Vote des Sénégalais de l’extérieur - Un choix qui suscite des interrogations

L’enveloppe financière que la Commission électorale nationale autonome (Cena) a consacrée à la gestion de la situation des concitoyens vivant à l’étranger, a été trop élevée pour un résultat bien maigre. Ce qui remet sur la table la question du vote de cette frange.



Vote des Sénégalais de l’extérieur - Un choix qui suscite des interrogations
« Sur une population émigrée estimée à environ 2 millions d’individus, seuls quelque 120.000 se sont fait inscrire en 2007. Et sur ces 120.000 inscrits, moins de 40.000 ont voté», c’est ce que révèle le rapport annuel d’activités pour l’année 2009 de la Commission électorale nationale autonome (Cena), qui a été remis hier au président de la République. Qui fait ainsi part du faible taux de votants au sein de cette catégorie. Pire, la Cena estime, en ce qui la concerne, que l’enveloppe financière qu’elle a consacrée à la gestion de la situation des concitoyens vivant à l’étranger a été trop élevée pour un résultat bien maigre. Rappelant que les Sénégalais de l’extérieur ne votent que lors des élections générales (présidentielles et législatives).
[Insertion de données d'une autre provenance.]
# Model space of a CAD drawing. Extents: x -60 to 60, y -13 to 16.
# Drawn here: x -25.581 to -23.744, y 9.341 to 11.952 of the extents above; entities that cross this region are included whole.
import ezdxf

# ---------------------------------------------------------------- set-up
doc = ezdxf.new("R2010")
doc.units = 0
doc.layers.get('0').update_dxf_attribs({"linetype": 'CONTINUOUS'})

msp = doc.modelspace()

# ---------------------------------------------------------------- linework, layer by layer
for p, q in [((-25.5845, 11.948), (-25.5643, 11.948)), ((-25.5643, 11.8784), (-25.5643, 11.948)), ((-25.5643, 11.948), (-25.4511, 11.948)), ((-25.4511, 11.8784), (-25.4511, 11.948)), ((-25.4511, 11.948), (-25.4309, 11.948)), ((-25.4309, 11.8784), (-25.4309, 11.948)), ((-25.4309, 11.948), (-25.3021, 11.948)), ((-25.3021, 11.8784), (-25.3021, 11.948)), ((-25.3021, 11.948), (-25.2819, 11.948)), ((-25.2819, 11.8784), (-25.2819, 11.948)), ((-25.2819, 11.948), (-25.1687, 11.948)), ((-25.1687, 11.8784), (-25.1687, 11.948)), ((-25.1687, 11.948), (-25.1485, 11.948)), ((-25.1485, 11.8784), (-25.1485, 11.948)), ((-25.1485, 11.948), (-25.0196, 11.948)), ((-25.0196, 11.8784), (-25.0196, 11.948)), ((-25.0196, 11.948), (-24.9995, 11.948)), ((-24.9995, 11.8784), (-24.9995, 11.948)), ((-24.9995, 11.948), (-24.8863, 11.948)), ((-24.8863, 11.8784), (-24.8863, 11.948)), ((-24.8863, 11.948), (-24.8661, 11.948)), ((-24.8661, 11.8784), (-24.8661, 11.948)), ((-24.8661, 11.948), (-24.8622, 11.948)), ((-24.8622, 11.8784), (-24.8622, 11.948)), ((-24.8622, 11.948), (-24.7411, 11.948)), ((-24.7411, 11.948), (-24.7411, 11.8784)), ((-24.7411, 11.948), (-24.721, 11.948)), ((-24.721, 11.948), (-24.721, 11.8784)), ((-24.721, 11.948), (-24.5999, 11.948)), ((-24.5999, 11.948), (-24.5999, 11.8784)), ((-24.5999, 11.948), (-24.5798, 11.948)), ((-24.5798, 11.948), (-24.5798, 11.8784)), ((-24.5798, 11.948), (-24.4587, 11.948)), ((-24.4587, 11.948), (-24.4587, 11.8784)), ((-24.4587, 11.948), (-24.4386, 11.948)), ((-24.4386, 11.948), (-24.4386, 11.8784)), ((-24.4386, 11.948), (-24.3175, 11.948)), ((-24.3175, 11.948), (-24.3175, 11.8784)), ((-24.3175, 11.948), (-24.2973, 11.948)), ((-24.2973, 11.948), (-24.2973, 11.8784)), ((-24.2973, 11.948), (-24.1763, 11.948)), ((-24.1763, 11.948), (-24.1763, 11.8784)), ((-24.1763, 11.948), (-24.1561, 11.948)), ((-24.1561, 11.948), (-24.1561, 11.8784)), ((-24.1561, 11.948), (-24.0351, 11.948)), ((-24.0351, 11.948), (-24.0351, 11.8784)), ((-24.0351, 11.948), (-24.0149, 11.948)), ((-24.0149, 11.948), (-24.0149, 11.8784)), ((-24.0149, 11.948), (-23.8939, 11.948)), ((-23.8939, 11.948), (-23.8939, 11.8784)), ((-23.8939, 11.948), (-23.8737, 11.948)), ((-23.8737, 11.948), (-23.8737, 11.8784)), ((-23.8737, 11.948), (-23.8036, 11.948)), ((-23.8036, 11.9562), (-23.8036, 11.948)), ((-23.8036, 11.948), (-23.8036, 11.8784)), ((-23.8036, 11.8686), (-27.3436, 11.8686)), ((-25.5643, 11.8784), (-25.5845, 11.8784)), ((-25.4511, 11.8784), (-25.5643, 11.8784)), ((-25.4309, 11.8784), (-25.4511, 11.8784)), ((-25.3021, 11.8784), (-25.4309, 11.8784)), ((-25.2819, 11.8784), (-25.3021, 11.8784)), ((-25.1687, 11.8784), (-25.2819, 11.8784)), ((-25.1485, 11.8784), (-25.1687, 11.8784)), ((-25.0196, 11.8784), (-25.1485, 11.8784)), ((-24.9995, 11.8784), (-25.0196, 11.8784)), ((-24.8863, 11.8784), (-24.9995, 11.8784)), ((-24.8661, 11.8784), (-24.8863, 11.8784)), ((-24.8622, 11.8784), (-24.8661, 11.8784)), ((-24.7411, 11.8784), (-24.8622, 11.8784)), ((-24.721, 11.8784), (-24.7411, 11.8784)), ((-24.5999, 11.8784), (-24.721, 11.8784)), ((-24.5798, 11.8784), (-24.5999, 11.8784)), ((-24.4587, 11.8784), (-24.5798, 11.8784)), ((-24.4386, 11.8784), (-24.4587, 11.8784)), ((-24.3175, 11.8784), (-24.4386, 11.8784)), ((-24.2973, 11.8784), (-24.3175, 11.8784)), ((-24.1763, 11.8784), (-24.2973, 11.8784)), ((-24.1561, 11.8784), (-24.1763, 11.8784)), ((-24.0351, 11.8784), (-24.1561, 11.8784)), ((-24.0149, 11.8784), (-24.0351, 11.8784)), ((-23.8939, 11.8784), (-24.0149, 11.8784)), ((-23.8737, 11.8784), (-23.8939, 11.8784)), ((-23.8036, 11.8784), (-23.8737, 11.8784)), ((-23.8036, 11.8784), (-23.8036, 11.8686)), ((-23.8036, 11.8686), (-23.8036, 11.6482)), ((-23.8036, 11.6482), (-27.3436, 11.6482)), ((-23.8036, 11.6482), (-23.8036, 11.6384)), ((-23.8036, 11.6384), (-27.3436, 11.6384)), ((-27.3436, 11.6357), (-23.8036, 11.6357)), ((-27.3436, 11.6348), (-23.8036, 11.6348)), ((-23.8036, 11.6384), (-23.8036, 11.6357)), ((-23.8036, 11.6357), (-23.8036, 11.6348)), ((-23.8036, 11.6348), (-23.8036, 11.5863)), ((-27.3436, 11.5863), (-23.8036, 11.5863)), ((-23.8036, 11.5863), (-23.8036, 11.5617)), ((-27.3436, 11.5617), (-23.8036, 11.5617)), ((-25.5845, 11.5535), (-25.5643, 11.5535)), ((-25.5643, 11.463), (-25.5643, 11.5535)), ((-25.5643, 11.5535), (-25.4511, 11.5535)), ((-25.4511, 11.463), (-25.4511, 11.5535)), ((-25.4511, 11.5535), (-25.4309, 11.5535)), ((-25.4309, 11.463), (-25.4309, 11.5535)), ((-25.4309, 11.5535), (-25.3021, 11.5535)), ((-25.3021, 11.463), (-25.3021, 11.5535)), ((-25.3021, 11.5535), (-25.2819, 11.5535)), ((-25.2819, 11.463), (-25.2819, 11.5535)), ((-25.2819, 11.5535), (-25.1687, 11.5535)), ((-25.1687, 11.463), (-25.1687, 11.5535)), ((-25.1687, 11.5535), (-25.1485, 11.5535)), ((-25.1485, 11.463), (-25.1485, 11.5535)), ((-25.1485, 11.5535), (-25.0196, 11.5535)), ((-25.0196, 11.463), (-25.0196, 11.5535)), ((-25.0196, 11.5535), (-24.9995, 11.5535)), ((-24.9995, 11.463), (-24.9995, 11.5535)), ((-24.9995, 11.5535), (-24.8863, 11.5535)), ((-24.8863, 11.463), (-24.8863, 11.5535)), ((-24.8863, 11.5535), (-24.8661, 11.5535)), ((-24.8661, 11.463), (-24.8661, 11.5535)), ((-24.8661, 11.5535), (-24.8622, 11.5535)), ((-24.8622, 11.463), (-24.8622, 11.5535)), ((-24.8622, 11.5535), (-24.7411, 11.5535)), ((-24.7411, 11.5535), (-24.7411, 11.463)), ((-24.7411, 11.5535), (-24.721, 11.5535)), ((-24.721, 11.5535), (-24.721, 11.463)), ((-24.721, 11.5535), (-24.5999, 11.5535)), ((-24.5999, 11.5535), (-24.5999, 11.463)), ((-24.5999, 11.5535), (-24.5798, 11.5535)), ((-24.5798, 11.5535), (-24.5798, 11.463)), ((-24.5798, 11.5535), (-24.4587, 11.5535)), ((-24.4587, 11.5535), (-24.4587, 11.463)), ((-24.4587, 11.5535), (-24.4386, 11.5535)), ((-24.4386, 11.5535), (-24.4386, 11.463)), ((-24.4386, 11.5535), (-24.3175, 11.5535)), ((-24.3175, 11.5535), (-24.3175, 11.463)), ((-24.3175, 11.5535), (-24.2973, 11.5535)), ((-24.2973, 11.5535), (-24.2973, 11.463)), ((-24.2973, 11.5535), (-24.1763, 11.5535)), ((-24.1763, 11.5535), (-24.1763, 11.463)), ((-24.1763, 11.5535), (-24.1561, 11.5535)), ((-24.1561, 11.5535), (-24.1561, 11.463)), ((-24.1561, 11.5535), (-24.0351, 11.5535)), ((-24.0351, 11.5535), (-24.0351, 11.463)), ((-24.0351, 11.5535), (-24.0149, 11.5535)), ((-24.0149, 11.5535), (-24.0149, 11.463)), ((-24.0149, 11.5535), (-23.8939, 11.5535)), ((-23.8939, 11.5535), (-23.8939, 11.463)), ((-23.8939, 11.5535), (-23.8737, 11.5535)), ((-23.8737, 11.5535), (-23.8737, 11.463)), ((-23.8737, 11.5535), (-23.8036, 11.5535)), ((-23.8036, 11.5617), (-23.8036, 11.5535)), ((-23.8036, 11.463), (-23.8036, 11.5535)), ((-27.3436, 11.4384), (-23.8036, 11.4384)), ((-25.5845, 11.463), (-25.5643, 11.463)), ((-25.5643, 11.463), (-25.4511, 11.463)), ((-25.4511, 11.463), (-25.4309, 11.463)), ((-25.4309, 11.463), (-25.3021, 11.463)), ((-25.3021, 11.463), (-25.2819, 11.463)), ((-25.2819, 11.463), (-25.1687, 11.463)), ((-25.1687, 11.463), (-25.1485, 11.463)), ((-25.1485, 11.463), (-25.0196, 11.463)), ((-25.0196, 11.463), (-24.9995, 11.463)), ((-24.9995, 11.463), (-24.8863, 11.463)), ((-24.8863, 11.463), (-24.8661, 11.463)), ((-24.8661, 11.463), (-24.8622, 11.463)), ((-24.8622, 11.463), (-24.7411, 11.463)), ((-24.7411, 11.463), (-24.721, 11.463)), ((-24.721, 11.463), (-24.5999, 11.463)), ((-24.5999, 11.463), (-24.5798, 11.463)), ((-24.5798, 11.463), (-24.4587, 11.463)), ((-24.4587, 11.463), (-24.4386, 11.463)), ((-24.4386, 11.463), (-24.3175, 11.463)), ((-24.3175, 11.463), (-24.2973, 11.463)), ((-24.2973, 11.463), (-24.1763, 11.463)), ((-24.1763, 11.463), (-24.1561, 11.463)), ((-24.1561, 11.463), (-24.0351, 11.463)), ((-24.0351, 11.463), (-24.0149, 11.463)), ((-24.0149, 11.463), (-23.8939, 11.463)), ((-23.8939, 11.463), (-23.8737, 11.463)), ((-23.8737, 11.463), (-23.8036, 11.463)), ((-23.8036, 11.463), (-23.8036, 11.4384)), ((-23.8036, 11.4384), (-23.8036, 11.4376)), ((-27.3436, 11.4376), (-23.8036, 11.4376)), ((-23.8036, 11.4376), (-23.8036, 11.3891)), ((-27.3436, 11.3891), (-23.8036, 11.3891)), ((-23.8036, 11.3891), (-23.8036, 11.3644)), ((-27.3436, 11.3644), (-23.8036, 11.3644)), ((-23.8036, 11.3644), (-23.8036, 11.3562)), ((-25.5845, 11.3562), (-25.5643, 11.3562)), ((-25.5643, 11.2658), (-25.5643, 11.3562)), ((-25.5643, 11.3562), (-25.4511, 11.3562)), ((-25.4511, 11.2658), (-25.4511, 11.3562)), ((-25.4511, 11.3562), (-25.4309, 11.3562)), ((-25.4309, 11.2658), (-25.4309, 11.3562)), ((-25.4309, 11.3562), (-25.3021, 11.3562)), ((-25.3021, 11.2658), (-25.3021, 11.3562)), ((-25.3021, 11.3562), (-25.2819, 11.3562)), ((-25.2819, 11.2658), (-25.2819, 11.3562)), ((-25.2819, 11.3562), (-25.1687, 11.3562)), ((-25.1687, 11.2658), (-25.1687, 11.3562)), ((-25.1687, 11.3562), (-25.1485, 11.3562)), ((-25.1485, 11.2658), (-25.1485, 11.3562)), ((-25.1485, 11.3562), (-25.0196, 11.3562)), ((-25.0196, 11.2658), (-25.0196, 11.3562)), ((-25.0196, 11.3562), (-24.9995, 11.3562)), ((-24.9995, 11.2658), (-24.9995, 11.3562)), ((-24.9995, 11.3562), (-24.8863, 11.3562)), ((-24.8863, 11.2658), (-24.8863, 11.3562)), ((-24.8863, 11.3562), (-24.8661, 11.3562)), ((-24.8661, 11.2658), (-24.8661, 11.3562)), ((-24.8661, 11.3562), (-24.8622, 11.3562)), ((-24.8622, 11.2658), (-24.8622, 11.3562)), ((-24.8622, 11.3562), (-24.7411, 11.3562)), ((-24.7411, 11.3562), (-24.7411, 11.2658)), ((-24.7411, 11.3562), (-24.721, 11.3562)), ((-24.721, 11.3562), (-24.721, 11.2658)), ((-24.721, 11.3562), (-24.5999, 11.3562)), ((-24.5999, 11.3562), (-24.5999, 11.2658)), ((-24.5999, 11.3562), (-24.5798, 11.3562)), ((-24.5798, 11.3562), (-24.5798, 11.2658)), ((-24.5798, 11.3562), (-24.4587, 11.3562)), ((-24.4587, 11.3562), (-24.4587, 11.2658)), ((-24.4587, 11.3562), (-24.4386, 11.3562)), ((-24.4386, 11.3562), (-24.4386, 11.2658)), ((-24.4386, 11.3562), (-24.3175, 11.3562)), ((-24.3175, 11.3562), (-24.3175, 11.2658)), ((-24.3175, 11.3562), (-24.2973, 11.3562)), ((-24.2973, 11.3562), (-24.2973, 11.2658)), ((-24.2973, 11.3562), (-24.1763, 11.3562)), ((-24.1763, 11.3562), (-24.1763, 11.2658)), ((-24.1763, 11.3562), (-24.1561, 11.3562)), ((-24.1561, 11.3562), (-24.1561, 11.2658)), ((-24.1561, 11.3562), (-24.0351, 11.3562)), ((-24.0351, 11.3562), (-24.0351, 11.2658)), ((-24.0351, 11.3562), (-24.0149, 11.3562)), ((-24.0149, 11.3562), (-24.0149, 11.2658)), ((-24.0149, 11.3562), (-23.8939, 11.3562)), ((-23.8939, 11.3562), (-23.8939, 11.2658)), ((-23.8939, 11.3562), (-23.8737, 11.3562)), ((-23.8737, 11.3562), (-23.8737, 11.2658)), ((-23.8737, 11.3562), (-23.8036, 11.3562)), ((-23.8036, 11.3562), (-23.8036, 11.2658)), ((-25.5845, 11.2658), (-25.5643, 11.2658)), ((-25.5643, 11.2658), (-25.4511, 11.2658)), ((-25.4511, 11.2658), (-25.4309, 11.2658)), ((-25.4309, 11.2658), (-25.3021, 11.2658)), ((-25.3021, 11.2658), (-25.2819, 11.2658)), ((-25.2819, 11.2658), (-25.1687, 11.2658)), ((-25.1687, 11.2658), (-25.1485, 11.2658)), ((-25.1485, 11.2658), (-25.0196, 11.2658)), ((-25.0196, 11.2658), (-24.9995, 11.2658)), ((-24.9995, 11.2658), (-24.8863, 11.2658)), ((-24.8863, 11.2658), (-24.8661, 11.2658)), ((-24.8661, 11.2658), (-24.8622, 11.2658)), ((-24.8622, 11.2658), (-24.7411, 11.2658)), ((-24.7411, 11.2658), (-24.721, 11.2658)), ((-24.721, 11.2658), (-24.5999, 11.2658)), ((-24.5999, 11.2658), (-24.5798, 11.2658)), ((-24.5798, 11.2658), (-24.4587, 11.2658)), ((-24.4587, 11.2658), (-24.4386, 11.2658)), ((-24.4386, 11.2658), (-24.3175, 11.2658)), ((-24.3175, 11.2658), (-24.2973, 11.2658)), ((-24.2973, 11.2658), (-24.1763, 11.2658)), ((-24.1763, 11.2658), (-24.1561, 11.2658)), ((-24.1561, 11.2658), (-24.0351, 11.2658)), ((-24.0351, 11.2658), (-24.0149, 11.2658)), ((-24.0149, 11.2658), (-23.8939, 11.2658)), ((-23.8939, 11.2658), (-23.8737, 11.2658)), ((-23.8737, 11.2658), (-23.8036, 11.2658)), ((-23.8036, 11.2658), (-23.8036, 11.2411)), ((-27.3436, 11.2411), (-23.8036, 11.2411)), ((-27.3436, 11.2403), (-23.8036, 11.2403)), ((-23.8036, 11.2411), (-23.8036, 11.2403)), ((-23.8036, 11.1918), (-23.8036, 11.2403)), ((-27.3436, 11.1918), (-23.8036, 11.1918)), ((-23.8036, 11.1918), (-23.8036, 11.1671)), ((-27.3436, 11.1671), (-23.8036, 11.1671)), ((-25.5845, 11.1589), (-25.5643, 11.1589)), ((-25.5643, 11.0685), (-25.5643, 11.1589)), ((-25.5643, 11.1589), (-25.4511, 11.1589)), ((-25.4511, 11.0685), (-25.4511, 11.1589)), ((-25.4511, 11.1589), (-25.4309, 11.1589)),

Sous ce rapport, la structure chargée de veiller au bon déroulement du processus électoral, suggère qu’une réflexion soit menée pour statuer sur le maintien ou non du vote des Sénégalais de l’extérieur. « Partant de ce constat, une réflexion devrait être menée pour voir s’il est utile ou non de maintenir le principe du vote des Sénégalais de l’extérieur, suggère l’instance en charge du contrôle et de la supervision des élections. Pour qui, des électeurs déplorent très souvent le caractère onéreux du coût des déplacements que nécessitent les élections. D’où la pertinence, selon certains, de la mise en place du vote par correspondance.
Le rapport précise, que le nombre de 200 électeurs inscrits devant être nécessairement atteint dans un pays pour que le scrutin y soit organisé, il pourrait être envisagé, au cas où le vote de ces compatriotes devrait être maintenu, des regroupements par pays voisins pour atteindre le quota nécessaire à l’ouverture d’un bureau de vote. « Elles pourraient aussi, comme pour les militaires et paramilitaires, permettre le vote des Sénégalais de l’extérieur une semaine avant leurs concitoyens de l’intérieur, étant entendu que les suffrages ainsi exprimés seront agrégés à ceux effectués au pays », ajoute le même document.
La Cena suggère aussi que des actions soient menées, de concert avec le ministère des Affaires étrangères et celui des Sénégalais de l’extérieur, visant à améliorer le taux des inscriptions des expatriés sénégalais sur les listes électorales, mais aussi et surtout de les amener, une fois cette formalité essentielle accomplie, à remplir leur devoir de citoyen. « Rien ne devrait être épargné pour faciliter le système de vote des Sénégalais vivant à l’extérieur », conclut le rapport annuel d’activités de la Cena pour l’année 2009.